DHT traffic overhead is about 1TB/month. This really doesn’t scale well with number of nodes running on the same network.

Optimal design would be have few nodes running as DHT server only (no hosted content) and other local nodes would use them for dht query and provide.

There are some upcoming changes to DHT - make it more private. While doing this change, it feel its necessary to add capability to announce other node data/forward annoucements.

It would work by original node hosting content will create dht announcement message and sign it. This signed message can be forwarded to dht servers by other dedicated forwarder node which will aggregate announcements from multiple nodes and announce them batched to save network traffic. Signed announce can still be securely processed by dht server.

For 1TB of DHT traffic monthly it seems you have in the ~100M CIDs per node.
This looks like the range where you would want to use IPNI announcements instead of republishing daily.
Or having some DHT extension to extend your announcement without having to retransmit all of your CIDs.
I know some peoples are working on what you described, I don’t think we shouldsign records, it does not protect against anything and use non trivial CPU time both signing and verifying when having to handle 100M CIDs.

You would probably find the #content-routing-wg channel on Slack intresting.

What exactly has an overhead of 1TB/month? (1) DHT server routing table maintenance, (2) serving get requests, (3) being allocated content with PUT requests, (4) reproviding content to the DHT, (4.1) if yes, how many CIDs?

We recently measured that DHT servers are storing on average 1-2M provider records (being republished every 22h). So 1TB of monthly traffic (~100M CIDs per node) seems to be another order of growth.

This is exactly the distinction between DHT server mode and DHT client mode. There are much more clients that servers, DHT servers mostly have public IP addresses, and are likely beefier machines. The DHT clients rely on the DHT servers to route their requests.

1 Like

Its MUCH less than 100M CIDs per node. 1TB is measured on “wire level” - OS monitoring per process.

How bad is my estimation ? I would be suprised if you have less than 10M CIDs per node.

I did forgot about that but you can try ipfs config --json Swarm.Routing autoclient

DHT client is still too heavy. Its more heavy that most people are willing to tolerate on their machines or network. People are not much willing to run p2p software because they fear impact on cpu/network.

DHT Client still needs to communicate with 30k other nodes this eats connection states on firewalls like crazy and current “new dht client” is pretty CPU hungry. Resource limits will make it harder to announce / locate content. While they fix one problem, they make operation less reliable. On other way if you are just providing stored blocks - overhead is much lower and more people can be willing to run ipfs.

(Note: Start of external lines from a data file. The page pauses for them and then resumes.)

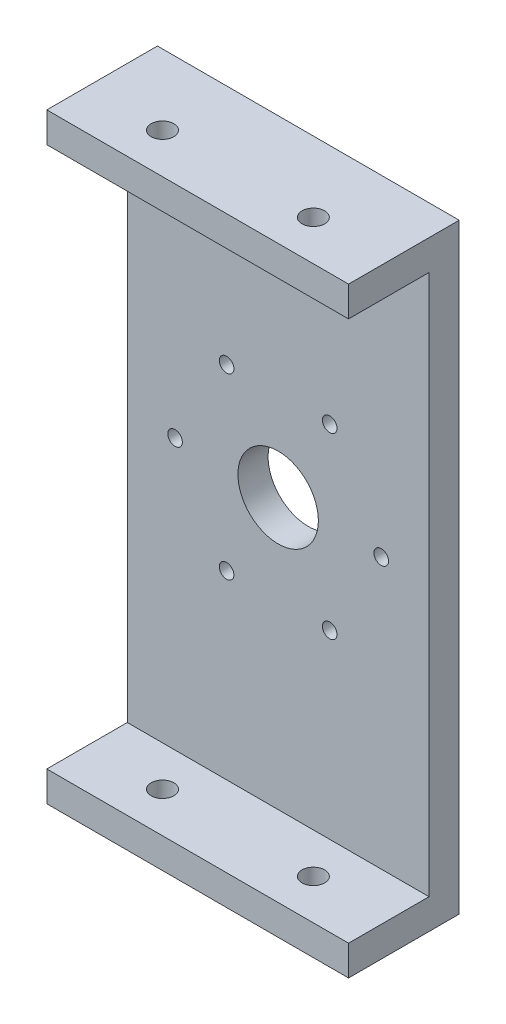
SolidWorks part; units mm, degrees
material "Aleación 6061"
ref_plane "Alzado" through (0, 0, 0) normal (0, 0, 1) x (1, 0, 0)
ref_plane "Planta" through (0, 0, 0) normal (0, 1, 0) x (1, 0, 0)
ref_plane "Vista lateral" through (0, 0, 0) normal (1, 0, 0) x (0, 0, -1)
sketch "Sk_Repisa" plane through (0, 0, 0) normal (0, 0, 1) x (1, 0, 0)
  line L1 (-30, -59.75) -> (30, -59.75)
  line L2 (-30, -59.75) -> (-30, 59.75)
  line L3 (-30, 59.75) -> (30, 59.75)
  line L4 (30, -59.75) -> (30, 59.75)
  line L5 (-30, -59.75) -> (30, 59.75) construction
  line L6 (-30, 59.75) -> (30, -59.75) construction
  point P0 (0, 0)
  dimension "D1" = 60
  dimension "D2" = 119.5
extrude "Repisa" add sketch "Sk_Repisa" along normal blind 6 from offset 373
sketch "Sk_Centro_motor" plane through (0, 0, 0) normal (0, 0, 1) x (1, 0, 0)
  circle A0 centre (0, 0) radius 8
  dimension "D1" = 16
extrude "Centro_motor" cut sketch "Sk_Centro_motor" along normal blind 6 from offset 373
sketch "Sk_Pasantes_M2-5_estator_J4" plane through (0, 0, 0) normal (0, 0, 1) x (1, 0, 0)
  circle A0 centre (20.5, 0) radius 1.45
  circle A1 centre (10.25, 17.7535) radius 1.45
  circle A2 centre (-10.25, 17.7535) radius 1.45
  circle A3 centre (-20.5, 0) radius 1.45
  circle A4 centre (-10.25, -17.7535) radius 1.45
  circle A5 centre (10.25, -17.7535) radius 1.45
  dimension "D1" = 2.9
  dimension "D3" = 2.9
  dimension "D6" = 2.9
  dimension "D9" = 2.9
  dimension "D11" = 2.9
  dimension "D14" = 2.9
  dimension "D2" = 20.5
  dimension "D4" = 10.25
  dimension "D5" = 17.7535
  dimension "D7" = 10.25
  dimension "D8" = 17.7535
  dimension "D10" = 20.5
  dimension "D12" = 10.25
  dimension "D13" = 17.7535
  dimension "D15" = 10.25
  dimension "D16" = 17.7535
extrude "Pasantes_M2-5_estator_J4" cut sketch "Sk_Pasantes_M2-5_estator_J4" along normal blind 6 from offset 373
sketch "Sk_Pestanas" plane through (0, 0, 0) normal (0, 0, 1) x (1, 0, 0)
  line L1 (-30, 53.75) -> (30, 53.75)
  line L2 (-30, 53.75) -> (-30, 59.75)
  line L3 (-30, 59.75) -> (30, 59.75)
  line L4 (30, 53.75) -> (30, 59.75)
  line L5 (-30, 53.75) -> (30, 59.75) construction
  line L6 (-30, 59.75) -> (30, 53.75) construction
  line L7 (-30, -59.75) -> (30, -59.75)
  line L8 (-30, -59.75) -> (-30, -53.75)
  line L9 (-30, -53.75) -> (30, -53.75)
  line L10 (30, -59.75) -> (30, -53.75)
  line L11 (-30, -59.75) -> (30, -53.75) construction
  line L12 (-30, -53.75) -> (30, -59.75) construction
  point P0 (0, 56.75)
  point P6 (0, -56.75)
  dimension "D1" = 60
  dimension "D2" = 6
  dimension "D3" = 56.75
  dimension "D4" = 60
  dimension "D5" = 6
  dimension "D6" = 56.75
extrude "Pestanas" add sketch "Sk_Pestanas" along normal blind 16 from offset 379
sketch "Sk_Pasantes_M4_pestanas" plane through (0, 0, 0) normal (0, 1, 0) x (1, 0, 0)
  circle A0 centre (-15, -387) radius 2.25
  circle A1 centre (15, -387) radius 2.25
  dimension "D1" = 4.5
  dimension "D4" = 4.5
  dimension "D2" = 15
  dimension "D3" = 387
  dimension "D5" = 15
  dimension "D6" = 387
extrude "Pasantes_M4_pestanas" cut sketch "Sk_Pasantes_M4_pestanas" along normal blind 119.5 from offset 59.75
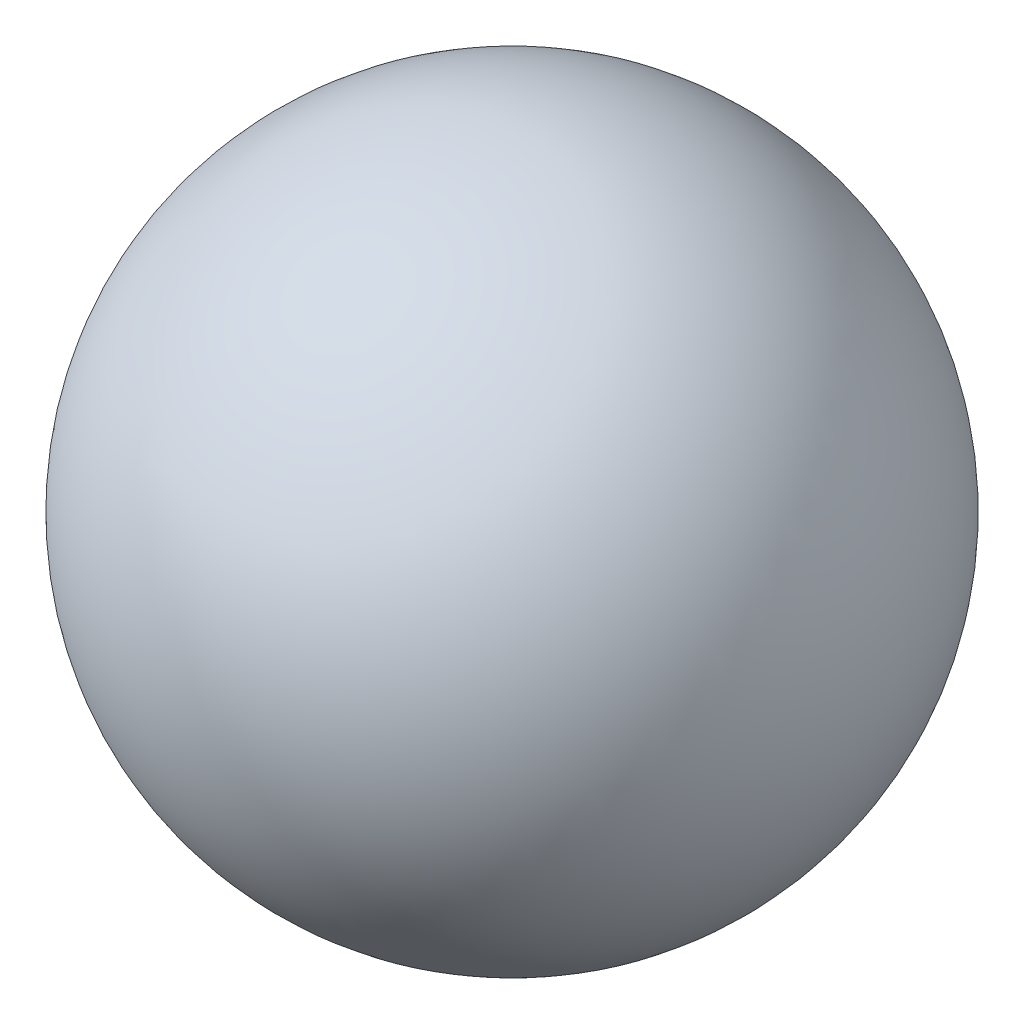
SolidWorks part; units mm, degrees
ref_plane "Ön Düzlem" through (0, 0, 0) normal (0, 0, 1) x (1, 0, 0)
ref_plane "Üst Düzlem" through (0, 0, 0) normal (0, 1, 0) x (1, 0, 0)
ref_plane "Sağ Düzlem" through (0, 0, 0) normal (1, 0, 0) x (0, 0, -1)
sketch "Sketch1" plane through (0, 0, 0) normal (0, 0, 1) x (1, 0, 0)
  line L0 (0, 28.56) -> (0, -28.56)
  arc A0 (0, 28.56) -> (0, -28.56) centre (0, 0) ccw
  dimension "D1" = 57.12
revolve "Revolve5" add sketch "Sketch1" angle 360 about L0
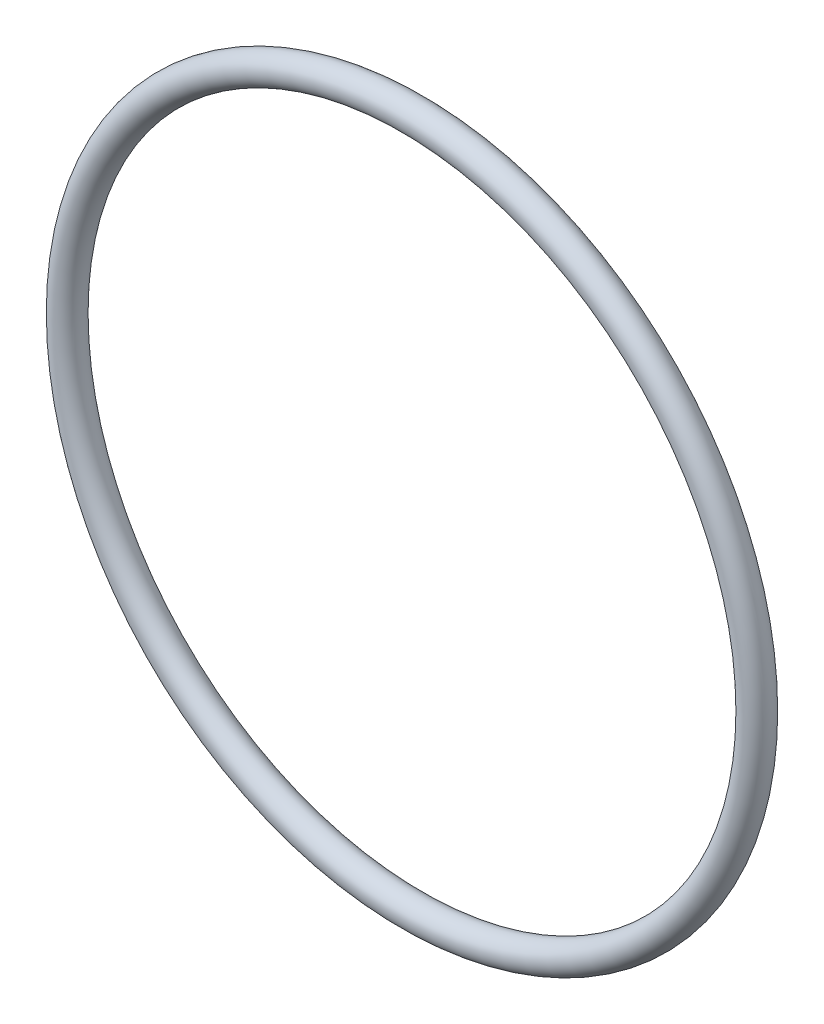
SolidWorks part; units mm, degrees
ref_plane "前视基准面" through (0, 0, 0) normal (0, 0, 1) x (1, 0, 0)
ref_plane "上视基准面" through (0, 0, 0) normal (0, 1, 0) x (1, 0, 0)
ref_plane "右视基准面" through (0, 0, 0) normal (1, 0, 0) x (0, 0, -1)
other "Configuration Table"
sketch "Sk_oring67" plane through (0, 0, 0) normal (0, 1, 0) x (1, 0, 0)
  line L0 (0, 0) -> (0, -2) construction
  circle A0 centre (35, 0) radius 1.5
revolve "Rev_oring67" add sketch "Sk_oring67" angle 360 about L0
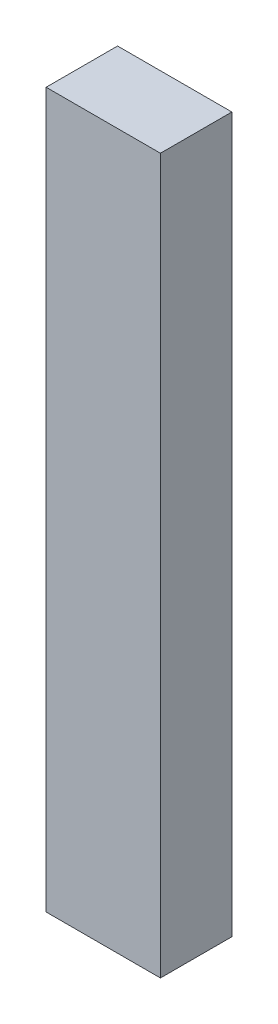
SolidWorks part; units mm, degrees
ref_plane "前视基准面" through (0, 0, 0) normal (0, 0, 1) x (1, 0, 0)
ref_plane "上视基准面" through (0, 0, 0) normal (0, 1, 0) x (1, 0, 0)
ref_plane "右视基准面" through (0, 0, 0) normal (1, 0, 0) x (0, 0, -1)
sketch "草图2" plane through (-5, 0, 0) normal (1, 0, 0) x (0, 0, -1)
  line L1 (49, -25) -> (1, -25) construction
  line L2 (0, 475) -> (50, 475)
  line L3 (0, 475) -> (0, -25)
  line L4 (0, -25) -> (50, -25)
  line L5 (50, 475) -> (50, -25)
  line L6 (50, 24) -> (50, -24) construction
  line L7 (0, -24) -> (0, 24) construction
  line L9 (1, 475) -> (49, 475) construction
extrude "拉伸-薄壁1" add sketch "草图2" along normal blind 80 thin
sketch "草图3" plane through (75, 0, 0) normal (1, 0, 0) x (0, 0, -1)
  line L4 (0, 475) -> (0, -25)
  line L5 (0, -25) -> (50, -25)
  line L6 (50, -25) -> (50, 475)
  line L7 (50, 475) -> (0, 475)
  line L8 (0, 475) -> (0, -25)
  line L9 (0, -25) -> (50, -25)
  line L10 (50, -25) -> (50, 475)
  line L11 (50, 475) -> (0, 475)
  dimension "D1" = 0
extrude "凸台-拉伸1" add sketch "草图3" against normal blind 2
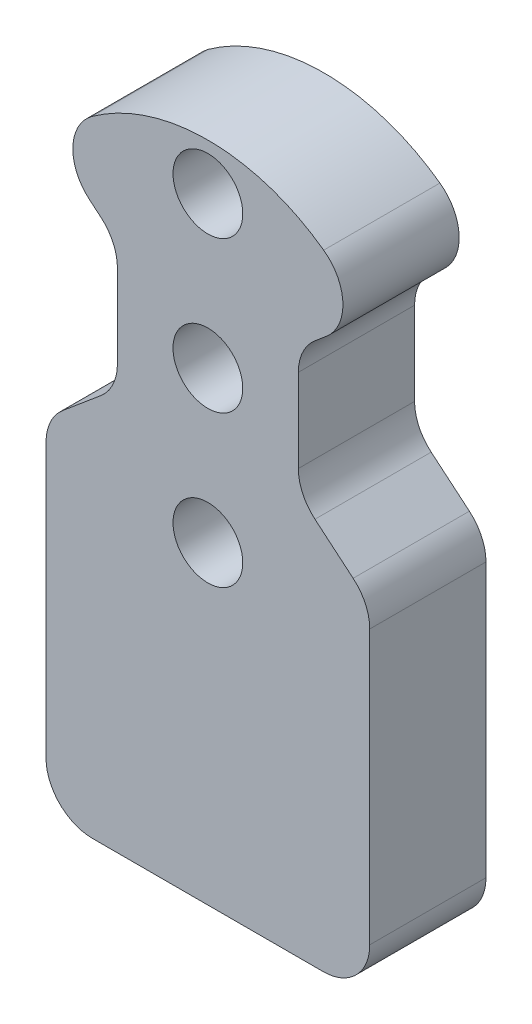
SolidWorks part; units mm, degrees
material "Thornel Mat VMA"
ref_plane "前视基准面" through (0, 0, 0) normal (0, 0, 1) x (1, 0, 0)
ref_plane "上视基准面" through (0, 0, 0) normal (0, 1, 0) x (1, 0, 0)
ref_plane "右视基准面" through (0, 0, 0) normal (1, 0, 0) x (0, 0, -1)
sketch "草图1" plane through (0, 0, 0) normal (0, 0, 1) x (1, 0, 0)
  circle A0 centre (0, 0) radius 8.5
  dimension "D1" = 17
extrude "凸台-拉伸1" add sketch "草图1" along normal blind 5
sketch "草图2" plane through (0, 0, 5) normal (0, 0, 1) x (1, 0, 0)
  circle A0 centre (0, 0) radius 6.5 construction
  circle A1 centre (0, 6.5) radius 1.5
  circle A2 centre (0, -6.5) radius 1.5
  dimension "D1" = 13
  dimension "D2" = 3
extrude "切除-拉伸1" cut sketch "草图2" against normal blind 5
sketch "草图3" plane through (0, 0, 0) normal (0, 0, -1) x (-1, 0, 0)
  line L0 (0, 0) -> (11.6987, 0) construction
  line L1 (0, 0) -> (6.9628, 4.8754)
  line L2 (0, 0) -> (6.9628, -4.8754)
  circle A0 centre (0, 0) radius 4.75
  circle A1 centre (0, 0) radius 8.5
  circle M17 centre (0, 0) radius 8.5
  dimension "D1" = 9.5
  dimension "D2" = 17
  dimension "D3" = 35
  dimension "D4" = 35
extrude "切除-拉伸2" cut sketch "草图3" against normal through all contours A0 L0 A1 L1 | L0 A0 L2 M17
mirror "镜向1" about plane through (0, 0, 0) normal (1, 0, 0) of "切除-拉伸2"
sketch "草图4" plane through (0, 0, 0) normal (0, 0, -1) x (-1, 0, 0)
  line L2 (-6.9628, 4.8754) -> (-6.9628, -20)
  line L3 (-6.9628, -20) -> (6.9628, -20)
  line L4 (6.9628, 4.8754) -> (6.9628, -20)
  line L5 (-2.7947, 8.0274) -> (6.9628, -20) construction
  line L6 (-6.9628, -20) -> (2.7947, 8.0274) construction
  circle A0 centre (0, 0) radius 8.5
  arc M9 (-6.9628, -4.8754) -> (6.9628, -4.8754) centre (0, 0) ccw
  dimension "D1" = 17
  dimension "D2" = 13.9256
  dimension "D3" = 20
extrude "凸台-拉伸2" add sketch "草图4" against normal blind 5 separate body contours L4 L2 L3 M9 | A0
combine bodies "组合1" operation type add bodies to combine 109 110 110
sketch "草图6" plane through (0, 0, 0) normal (0, 0, -1) x (-1, 0, 0)
  line L0 (-3.891, 2.7245) -> (-3.891, -2.7245)
  line L1 (3.891, -2.7245) -> (3.891, 2.7245)
  line L2 (3.891, 2.7245) -> (6.7698, 5.1401)
  line L3 (-3.891, 2.7245) -> (-6.7698, 5.1401)
  line L4 (-3.891, -2.7245) -> (-6.9628, -5.3021)
  line L5 (3.891, -2.7245) -> (6.9628, -5.3021)
  line L7 (-3.891, -2.7245) -> (-6.9628, -4.8754)
  line L8 (-6.9628, -4.8754) -> (-6.9628, -20)
  line L9 (-6.9628, -20) -> (6.9628, -20)
  line L10 (6.9628, -20) -> (6.9628, -4.8754)
  line L11 (6.9628, -4.8754) -> (3.891, -2.7245)
  line L12 (3.891, 2.7245) -> (6.9628, 4.8754)
  line L13 (-6.9628, 4.8754) -> (-3.891, 2.7245)
  line L14 (-3.891, -2.7245) -> (-6.9628, -4.8754)
  line L15 (-6.9628, -4.8754) -> (-6.9628, -20)
  line L16 (-6.9628, -20) -> (6.9628, -20)
  line L17 (6.9628, -20) -> (6.9628, -4.8754)
  line L18 (6.9628, -4.8754) -> (3.891, -2.7245)
  line L19 (3.891, 2.7245) -> (6.9628, 4.8754)
  line L20 (-6.9628, 4.8754) -> (-3.891, 2.7245)
  circle A0 centre (0, 0) radius 1.5
  arc A3 (3.891, -2.7245) -> (3.891, 2.7245) centre (0, 0) ccw
  arc A4 (6.9628, 4.8754) -> (-6.9628, 4.8754) centre (0, 0) ccw
  arc A5 (-3.891, 2.7245) -> (-3.891, -2.7245) centre (0, 0) ccw
  arc A6 (3.891, -2.7245) -> (3.891, 2.7245) centre (0, 0) ccw
  arc A7 (6.9628, 4.8754) -> (-6.9628, 4.8754) centre (0, 0) ccw
  arc A8 (-3.891, 2.7245) -> (-3.891, -2.7245) centre (0, 0) ccw
  line M17 (-3.891, -2.7245) -> (-6.9628, -4.8754)
  line M18 (-6.9628, -4.8754) -> (-6.9628, -20)
  line M20 (6.9628, -20) -> (6.9628, -4.8754)
  line M21 (6.9628, -4.8754) -> (3.891, -2.7245)
  arc M22 (3.891, -2.7245) -> (3.891, 2.7245) centre (0, 0) ccw
  line M23 (3.891, 2.7245) -> (6.9628, 4.8754)
  arc M24 (6.9628, 4.8754) -> (-6.9628, 4.8754) centre (0, 0) ccw
  line M25 (-6.9628, 4.8754) -> (-3.891, 2.7245)
  arc M26 (-3.891, 2.7245) -> (-3.891, -2.7245) centre (0, 0) ccw
  dimension "D6" = 3
  dimension "D2" = 5
  dimension "D3" = 5
  dimension "D4" = 5
  dimension "D5" = 5
  dimension "D1" = 0
extrude "切除-拉伸3" cut sketch "草图6" against normal through all contours L0 M26 | L1 M22 | A0 | L4 M17 M18 | L5 M21 M20 | L2 M23 M24 | L3 M25 M24 | L14 L15 L16 L17 L18
fillet "圆角2" radius 2 10 edges at (3.891, 2.7245, 2.5) (3.891, -2.7245, 2.5) (6.9628, -5.3021, 2.5) (6.9628, -20, 2.5) (-6.9628, -20, 2.5) (-6.9628, -5.3021, 2.5) (-3.891, -2.7245, 2.5) (-3.891, 2.7245, 2.5) (-6.7698, 5.1401, 2.5) (6.7698, 5.1401, 2.5)
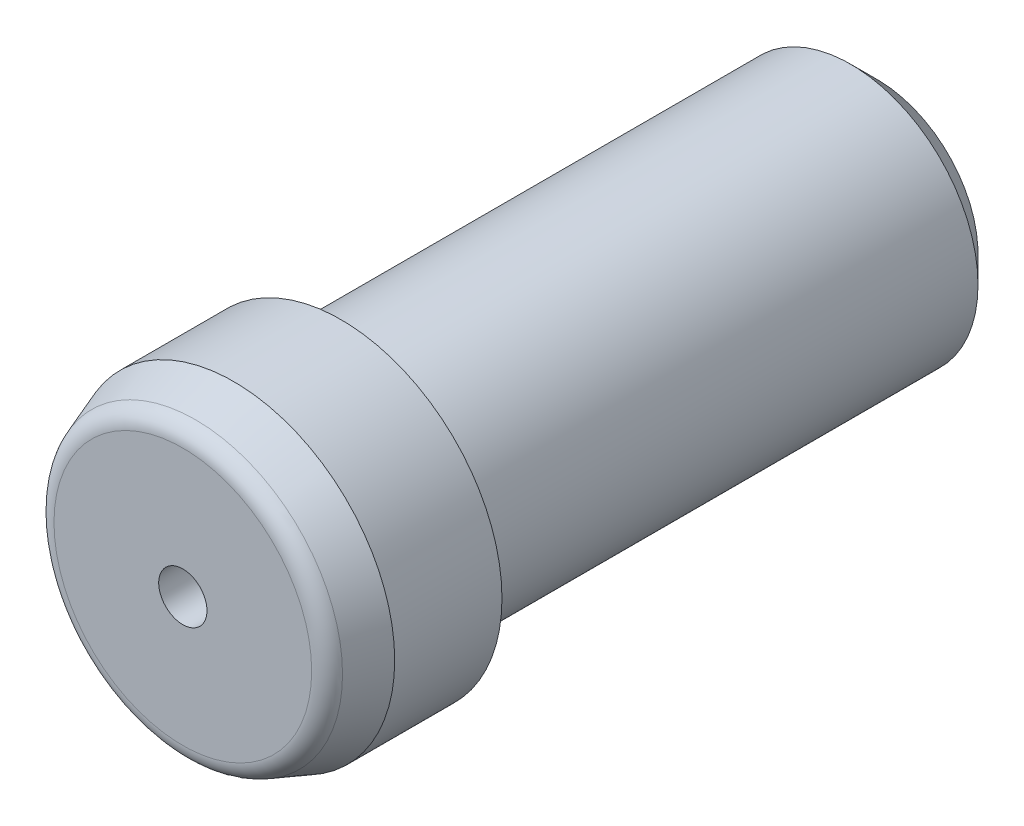
SolidWorks part; units mm, degrees
ref_plane "Front" through (0, 0, 0) normal (0, 0, 1) x (1, 0, 0)
ref_plane "Top" through (0, 0, 0) normal (0, 1, 0) x (1, 0, 0)
ref_plane "Right" through (0, 0, 0) normal (1, 0, 0) x (0, 0, -1)
sketch "Sketch1" plane through (0, 0, 0) normal (1, 0, 0) x (0, 0, -1)
  line L0 (0, 0) -> (0, 6.7417)
  line L1 (0, 6.7417) -> (2.413, 7.62)
  line L2 (2.413, 7.62) -> (7.493, 7.62)
  line L3 (7.493, 7.62) -> (7.493, 6.0325)
  line L4 (7.493, 6.0325) -> (32.893, 6.0325)
  line L5 (32.893, 6.0325) -> (32.893, 0)
  line L6 (32.893, 0) -> (0, 0)
  line L7 (0, 0) -> (-15.9922, 0) construction
  line L8 (0, 0) -> (0, -14.393) construction
  dimension "A" = 15.24
  dimension "D1" = 20
  dimension "D3" = 5.08
  dimension "D2" = 2.413
  dimension "D4" = 25.4
ref_axis "Axis1" through (0, 0, -133.35) along (0, 0, 1)
revolve "Revolve1" add sketch "Sketch1" angle 360 about axis through (0, 0, -133.35) along (0, 0, 1)
sketch "Sketch2" plane through (0, 0, 0) normal (1, 0, 0) x (0, 0, -1)
  line L0 (7.493, 7.62) -> (7.493, 6.0325) construction
  line L1 (7.239, 5.7785) -> (8.255, 5.7785) construction
  line L2 (7.239, 5.7785) -> (7.239, 6.7945) construction
  line L3 (7.239, 6.7945) -> (8.255, 6.7945) construction
  line L4 (8.255, 5.7785) -> (8.255, 6.7945) construction
  line L5 (7.493, 6.0325) -> (32.893, 6.0325) construction
  line L6 (7.2948, 6.3423) -> (7.747, 6.7945)
  line L7 (7.8028, 5.8343) -> (8.255, 6.2865)
  line L8 (7.239, 6.2076) -> (7.239, 5.969)
  line L9 (7.4295, 5.7785) -> (7.6681, 5.7785)
  line L10 (8.255, 6.2865) -> (8.255, 6.7945)
  line L11 (8.255, 6.7945) -> (7.747, 6.7945)
  arc A0 (7.2948, 6.3423) -> (7.239, 6.2076) centre (7.4295, 6.2076) ccw
  arc A1 (7.8028, 5.8343) -> (7.6681, 5.7785) centre (7.6681, 5.969) cw
  arc A2 (7.239, 5.969) -> (7.4295, 5.7785) centre (7.4295, 5.969) ccw
  point P14 (7.239, 6.2865)
  point P17 (7.747, 5.7785)
  dimension "D5" = 0.1905
  dimension "D1" = 0.254
  dimension "D2" = 0.254
  dimension "D3" = 1.016
  dimension "D4" = 1.016
revolve "Cut-Revolve1" cut sketch "Sketch2" angle 360 about axis through (0, 0, -133.35) along (0, 0, 1)
chamfer "Chamfer1" distance 1.27 angle 45 1 edges at (-6.0325, 0, -32.893)
fillet "Fillet1" radius 0.9144 1 edges at (-6.7417, 0, 0)
sketch "Sketch3" plane through (0, 0, 0) normal (0, 0, 1) x (1, 0, 0)
  circle A0 centre (0, 0) radius 1.143
  dimension "D1" = 2.286
extrude "Cut-Extrude1" cut sketch "Sketch3" against normal blind 2.54
sketch "Sketch4" plane through (0, 0, -32.893) normal (0, 0, -1) x (-1, 0, 0)
  circle A0 centre (0, 0) radius 1.143
  dimension "D1" = 2.286
extrude "Cut-Extrude2" cut sketch "Sketch4" against normal blind 2.54
equation "\"D1@Fillet1\" = \"A@Sketch1\"*.06"

Second problem is resource management inside ipfs node. If dht client eats too much resources like connections, there is nothing left for downloading blocks - it started happen when I upgraded to 0.22 from 0.17.

DHT proxy cache server / client will solve that issue. ipfs node can run in “dht proxy client” mode and completely offload dealing with dht to some server with more resources. Ideally it could use DHT to locate public DHT proxy server. Its completely reasonable to have one dht proxy server on network - it will scale much better.